Stored dataset items
....
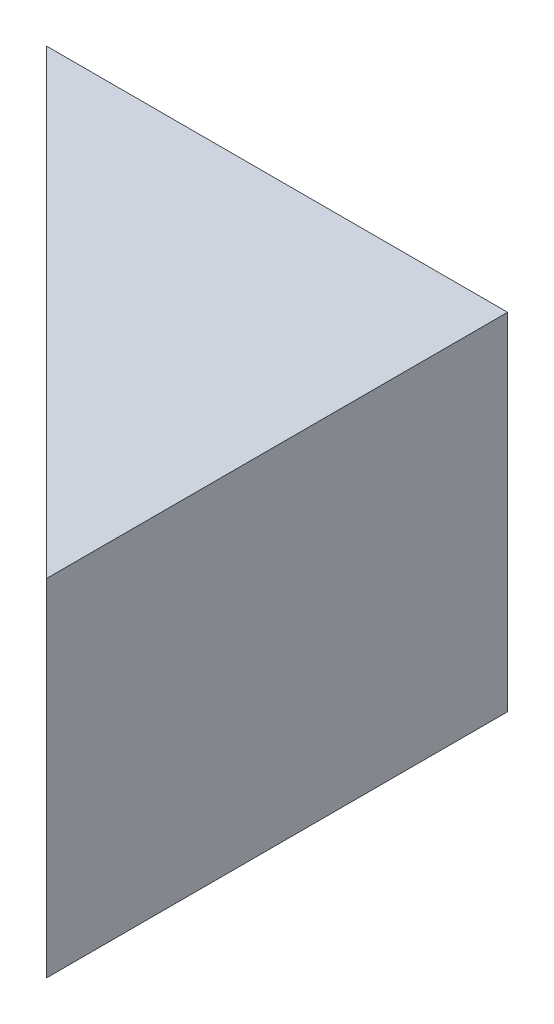
from build123d import *

# Parameters (mm, degrees)
AUFSATZ_LINEAR_AUSTRAGEN1_DEPTH = 7.5


with BuildPart() as part:
    # Skizze1 → Aufsatz-Linear austragen1 (new, symmetric)
    with BuildSketch(Plane(origin=(0, 0, 0), x_dir=(-1, 0, 0), z_dir=(0, 1, 0))):
        Polygon((0, 0), (20, 0), (0, 20), align=None)
    extrude(amount=AUFSATZ_LINEAR_AUSTRAGEN1_DEPTH, both=True)


solid = part.part
....
**Exercise**
Return every entry above exactly. Pictures stay out.

**Answer to this exercise**
from build123d import *

# Parameters (mm, degrees)
AUFSATZ_LINEAR_AUSTRAGEN1_DEPTH = 7.5


with BuildPart() as part:
    # Skizze1 → Aufsatz-Linear austragen1 (new, symmetric)
    with BuildSketch(Plane(origin=(0, 0, 0), x_dir=(-1, 0, 0), z_dir=(0, 1, 0))):
        Polygon((0, 0), (20, 0), (0, 20), align=None)
    extrude(amount=AUFSATZ_LINEAR_AUSTRAGEN1_DEPTH, both=True)


solid = part.part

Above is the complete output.